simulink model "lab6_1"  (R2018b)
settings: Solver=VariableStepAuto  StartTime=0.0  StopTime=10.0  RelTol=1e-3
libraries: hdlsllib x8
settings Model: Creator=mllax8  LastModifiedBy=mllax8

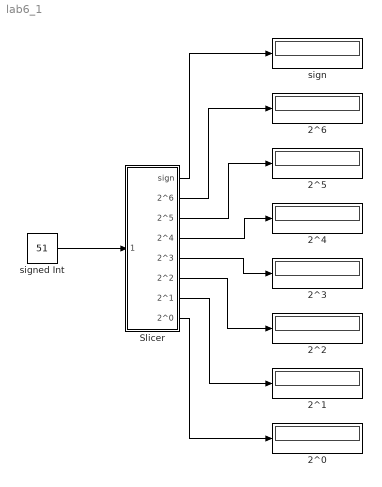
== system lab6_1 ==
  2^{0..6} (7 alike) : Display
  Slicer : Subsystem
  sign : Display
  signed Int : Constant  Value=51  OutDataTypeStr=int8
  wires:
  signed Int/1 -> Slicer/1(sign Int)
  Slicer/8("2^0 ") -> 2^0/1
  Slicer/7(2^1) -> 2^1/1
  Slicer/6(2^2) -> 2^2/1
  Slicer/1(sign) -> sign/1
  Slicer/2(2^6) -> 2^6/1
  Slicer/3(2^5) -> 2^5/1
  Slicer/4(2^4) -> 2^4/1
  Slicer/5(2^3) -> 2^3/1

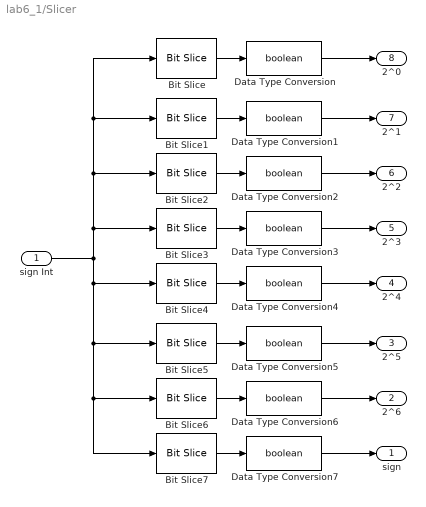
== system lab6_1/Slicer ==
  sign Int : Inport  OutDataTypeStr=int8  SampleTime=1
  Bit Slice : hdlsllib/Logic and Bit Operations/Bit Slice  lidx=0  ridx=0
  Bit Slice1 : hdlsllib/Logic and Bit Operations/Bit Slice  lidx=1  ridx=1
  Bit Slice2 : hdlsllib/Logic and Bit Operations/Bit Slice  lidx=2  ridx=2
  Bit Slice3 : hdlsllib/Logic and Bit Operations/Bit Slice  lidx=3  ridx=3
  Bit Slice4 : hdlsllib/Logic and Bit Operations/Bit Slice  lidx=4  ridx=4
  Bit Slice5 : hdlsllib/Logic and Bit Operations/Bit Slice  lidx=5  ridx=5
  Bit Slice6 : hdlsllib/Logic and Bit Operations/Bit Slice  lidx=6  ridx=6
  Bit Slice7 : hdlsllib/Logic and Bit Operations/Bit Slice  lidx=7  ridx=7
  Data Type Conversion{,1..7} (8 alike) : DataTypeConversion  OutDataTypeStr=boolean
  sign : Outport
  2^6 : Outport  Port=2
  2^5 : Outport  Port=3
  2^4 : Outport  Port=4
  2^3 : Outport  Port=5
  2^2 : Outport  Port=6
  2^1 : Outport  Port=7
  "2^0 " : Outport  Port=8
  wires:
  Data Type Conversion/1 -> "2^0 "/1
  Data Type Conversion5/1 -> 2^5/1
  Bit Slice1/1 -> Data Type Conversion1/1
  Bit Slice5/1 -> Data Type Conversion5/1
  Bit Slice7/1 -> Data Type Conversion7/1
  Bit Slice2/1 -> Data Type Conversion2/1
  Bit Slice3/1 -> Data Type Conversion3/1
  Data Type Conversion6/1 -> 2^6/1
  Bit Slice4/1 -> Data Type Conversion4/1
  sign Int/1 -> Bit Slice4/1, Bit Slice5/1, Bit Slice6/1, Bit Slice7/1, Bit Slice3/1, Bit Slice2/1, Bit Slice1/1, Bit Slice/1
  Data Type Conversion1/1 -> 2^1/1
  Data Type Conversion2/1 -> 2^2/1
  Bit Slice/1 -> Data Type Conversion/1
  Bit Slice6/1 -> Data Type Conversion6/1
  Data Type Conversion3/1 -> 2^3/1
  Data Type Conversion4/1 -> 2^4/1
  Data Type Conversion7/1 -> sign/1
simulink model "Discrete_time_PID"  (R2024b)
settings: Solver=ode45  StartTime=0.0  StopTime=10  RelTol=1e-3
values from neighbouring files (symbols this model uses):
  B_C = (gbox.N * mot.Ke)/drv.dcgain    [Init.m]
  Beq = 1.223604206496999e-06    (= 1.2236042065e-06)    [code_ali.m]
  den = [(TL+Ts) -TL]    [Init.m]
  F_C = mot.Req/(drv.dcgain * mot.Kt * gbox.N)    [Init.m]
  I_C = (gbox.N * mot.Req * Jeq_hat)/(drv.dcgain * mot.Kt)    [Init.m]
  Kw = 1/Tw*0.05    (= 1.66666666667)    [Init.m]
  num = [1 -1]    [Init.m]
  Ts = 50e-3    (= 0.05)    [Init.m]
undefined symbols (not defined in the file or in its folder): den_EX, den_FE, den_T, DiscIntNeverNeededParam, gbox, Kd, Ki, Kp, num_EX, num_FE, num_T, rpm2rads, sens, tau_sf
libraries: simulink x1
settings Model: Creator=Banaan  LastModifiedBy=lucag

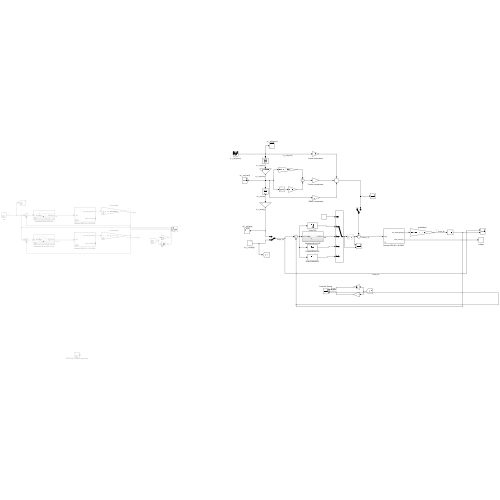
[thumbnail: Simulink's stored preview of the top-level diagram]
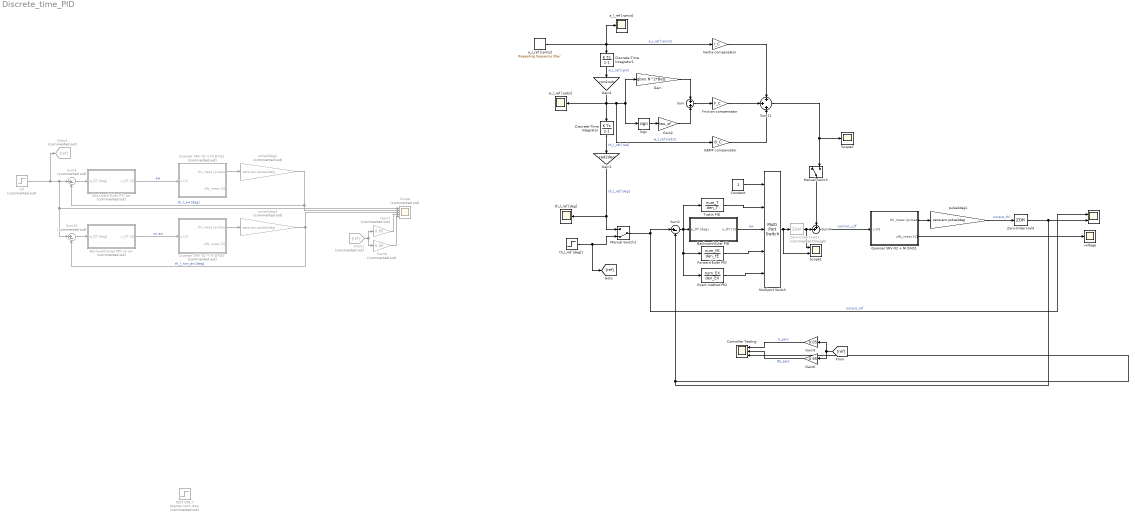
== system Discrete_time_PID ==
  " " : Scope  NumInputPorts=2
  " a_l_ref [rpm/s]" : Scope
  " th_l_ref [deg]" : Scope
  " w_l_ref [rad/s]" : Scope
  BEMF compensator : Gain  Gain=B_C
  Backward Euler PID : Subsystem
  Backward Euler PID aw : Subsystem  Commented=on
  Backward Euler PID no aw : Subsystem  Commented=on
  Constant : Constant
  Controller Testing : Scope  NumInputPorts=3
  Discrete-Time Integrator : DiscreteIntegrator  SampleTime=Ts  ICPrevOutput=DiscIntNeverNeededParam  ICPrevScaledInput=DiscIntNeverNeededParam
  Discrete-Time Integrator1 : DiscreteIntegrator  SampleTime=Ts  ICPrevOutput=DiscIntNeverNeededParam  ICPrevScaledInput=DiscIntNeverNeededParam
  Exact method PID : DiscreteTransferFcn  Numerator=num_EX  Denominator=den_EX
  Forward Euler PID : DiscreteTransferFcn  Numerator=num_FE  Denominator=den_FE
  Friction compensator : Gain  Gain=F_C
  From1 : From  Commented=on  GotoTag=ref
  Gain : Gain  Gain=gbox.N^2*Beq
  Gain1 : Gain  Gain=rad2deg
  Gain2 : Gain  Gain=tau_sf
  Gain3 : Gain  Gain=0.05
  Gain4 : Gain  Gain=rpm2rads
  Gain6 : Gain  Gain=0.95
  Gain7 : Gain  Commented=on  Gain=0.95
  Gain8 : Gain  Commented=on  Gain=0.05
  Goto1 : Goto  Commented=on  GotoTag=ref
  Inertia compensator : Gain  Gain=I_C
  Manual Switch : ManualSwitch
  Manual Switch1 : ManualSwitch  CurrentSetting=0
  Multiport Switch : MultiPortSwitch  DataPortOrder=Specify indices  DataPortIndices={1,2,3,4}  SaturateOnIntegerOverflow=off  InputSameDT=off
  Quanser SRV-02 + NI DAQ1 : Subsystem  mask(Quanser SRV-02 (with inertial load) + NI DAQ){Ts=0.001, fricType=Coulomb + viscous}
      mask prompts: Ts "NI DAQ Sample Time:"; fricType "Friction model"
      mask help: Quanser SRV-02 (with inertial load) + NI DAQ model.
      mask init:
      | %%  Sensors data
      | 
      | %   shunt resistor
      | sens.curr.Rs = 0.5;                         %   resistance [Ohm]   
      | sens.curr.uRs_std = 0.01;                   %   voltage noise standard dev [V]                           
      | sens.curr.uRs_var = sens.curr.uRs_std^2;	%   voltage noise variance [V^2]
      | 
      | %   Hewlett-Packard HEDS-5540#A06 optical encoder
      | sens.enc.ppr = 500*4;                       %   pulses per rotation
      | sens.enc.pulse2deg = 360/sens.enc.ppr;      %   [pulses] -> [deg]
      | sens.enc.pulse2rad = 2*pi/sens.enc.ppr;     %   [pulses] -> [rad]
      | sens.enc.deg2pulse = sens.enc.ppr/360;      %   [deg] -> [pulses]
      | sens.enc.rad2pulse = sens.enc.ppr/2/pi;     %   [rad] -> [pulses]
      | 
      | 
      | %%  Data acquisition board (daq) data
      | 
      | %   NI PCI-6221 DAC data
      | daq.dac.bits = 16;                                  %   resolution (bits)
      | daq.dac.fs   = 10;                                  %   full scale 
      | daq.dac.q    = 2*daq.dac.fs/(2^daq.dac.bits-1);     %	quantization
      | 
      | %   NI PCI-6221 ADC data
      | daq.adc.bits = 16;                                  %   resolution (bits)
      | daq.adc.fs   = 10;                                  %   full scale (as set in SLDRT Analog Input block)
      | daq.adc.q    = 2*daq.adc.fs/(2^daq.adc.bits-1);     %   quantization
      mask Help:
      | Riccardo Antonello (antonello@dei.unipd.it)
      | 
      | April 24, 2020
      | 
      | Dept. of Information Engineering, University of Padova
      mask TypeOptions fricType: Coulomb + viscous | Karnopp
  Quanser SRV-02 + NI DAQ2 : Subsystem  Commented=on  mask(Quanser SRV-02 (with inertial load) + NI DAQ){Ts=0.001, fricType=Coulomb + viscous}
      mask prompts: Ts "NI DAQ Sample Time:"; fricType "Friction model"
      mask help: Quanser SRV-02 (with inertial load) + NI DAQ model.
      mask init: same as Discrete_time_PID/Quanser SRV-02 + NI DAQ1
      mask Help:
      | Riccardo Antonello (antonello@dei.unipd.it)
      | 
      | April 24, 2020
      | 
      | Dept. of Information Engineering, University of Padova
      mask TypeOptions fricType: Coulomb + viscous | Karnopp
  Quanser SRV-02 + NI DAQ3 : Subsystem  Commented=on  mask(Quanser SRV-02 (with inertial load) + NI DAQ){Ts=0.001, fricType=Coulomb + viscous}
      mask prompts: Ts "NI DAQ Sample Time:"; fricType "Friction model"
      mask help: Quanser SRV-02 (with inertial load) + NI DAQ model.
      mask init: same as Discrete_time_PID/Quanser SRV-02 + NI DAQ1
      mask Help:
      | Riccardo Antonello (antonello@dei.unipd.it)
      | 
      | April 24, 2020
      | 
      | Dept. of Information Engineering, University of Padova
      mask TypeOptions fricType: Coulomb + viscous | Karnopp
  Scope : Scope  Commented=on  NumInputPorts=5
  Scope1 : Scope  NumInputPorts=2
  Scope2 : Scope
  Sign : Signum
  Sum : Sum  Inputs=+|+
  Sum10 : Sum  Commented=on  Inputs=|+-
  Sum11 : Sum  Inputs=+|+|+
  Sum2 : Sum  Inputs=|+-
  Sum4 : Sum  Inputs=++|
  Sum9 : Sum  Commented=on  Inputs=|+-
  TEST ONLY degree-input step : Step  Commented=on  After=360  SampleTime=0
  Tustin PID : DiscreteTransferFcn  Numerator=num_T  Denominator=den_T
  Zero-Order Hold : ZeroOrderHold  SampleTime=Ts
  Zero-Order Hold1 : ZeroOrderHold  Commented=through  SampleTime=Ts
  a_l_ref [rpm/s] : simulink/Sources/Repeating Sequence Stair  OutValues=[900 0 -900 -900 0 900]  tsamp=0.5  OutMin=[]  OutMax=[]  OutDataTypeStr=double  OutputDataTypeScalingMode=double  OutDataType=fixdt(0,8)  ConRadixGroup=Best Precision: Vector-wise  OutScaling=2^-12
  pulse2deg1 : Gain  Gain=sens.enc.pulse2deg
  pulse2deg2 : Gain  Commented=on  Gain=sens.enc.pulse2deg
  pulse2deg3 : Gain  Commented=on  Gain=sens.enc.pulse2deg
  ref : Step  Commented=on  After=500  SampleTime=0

#### [WHAT IS EXPECTED]
Your reply must contain the line with "Sum11 : Sum" and each later line of the material, word for word, and nothing else.

#### [REPLY TO THE TASK]
  Sum11 : Sum  Inputs=+|+|+
  Sum2 : Sum  Inputs=|+-
  Sum4 : Sum  Inputs=++|
  Sum9 : Sum  Commented=on  Inputs=|+-
  TEST ONLY degree-input step : Step  Commented=on  After=360  SampleTime=0
  Tustin PID : DiscreteTransferFcn  Numerator=num_T  Denominator=den_T
  Zero-Order Hold : ZeroOrderHold  SampleTime=Ts
  Zero-Order Hold1 : ZeroOrderHold  Commented=through  SampleTime=Ts
  a_l_ref [rpm/s] : simulink/Sources/Repeating Sequence Stair  OutValues=[900 0 -900 -900 0 900]  tsamp=0.5  OutMin=[]  OutMax=[]  OutDataTypeStr=double  OutputDataTypeScalingMode=double  OutDataType=fixdt(0,8)  ConRadixGroup=Best Precision: Vector-wise  OutScaling=2^-12
  pulse2deg1 : Gain  Gain=sens.enc.pulse2deg
  pulse2deg2 : Gain  Commented=on  Gain=sens.enc.pulse2deg
  pulse2deg3 : Gain  Commented=on  Gain=sens.enc.pulse2deg
  ref : Step  Commented=on  After=500  SampleTime=0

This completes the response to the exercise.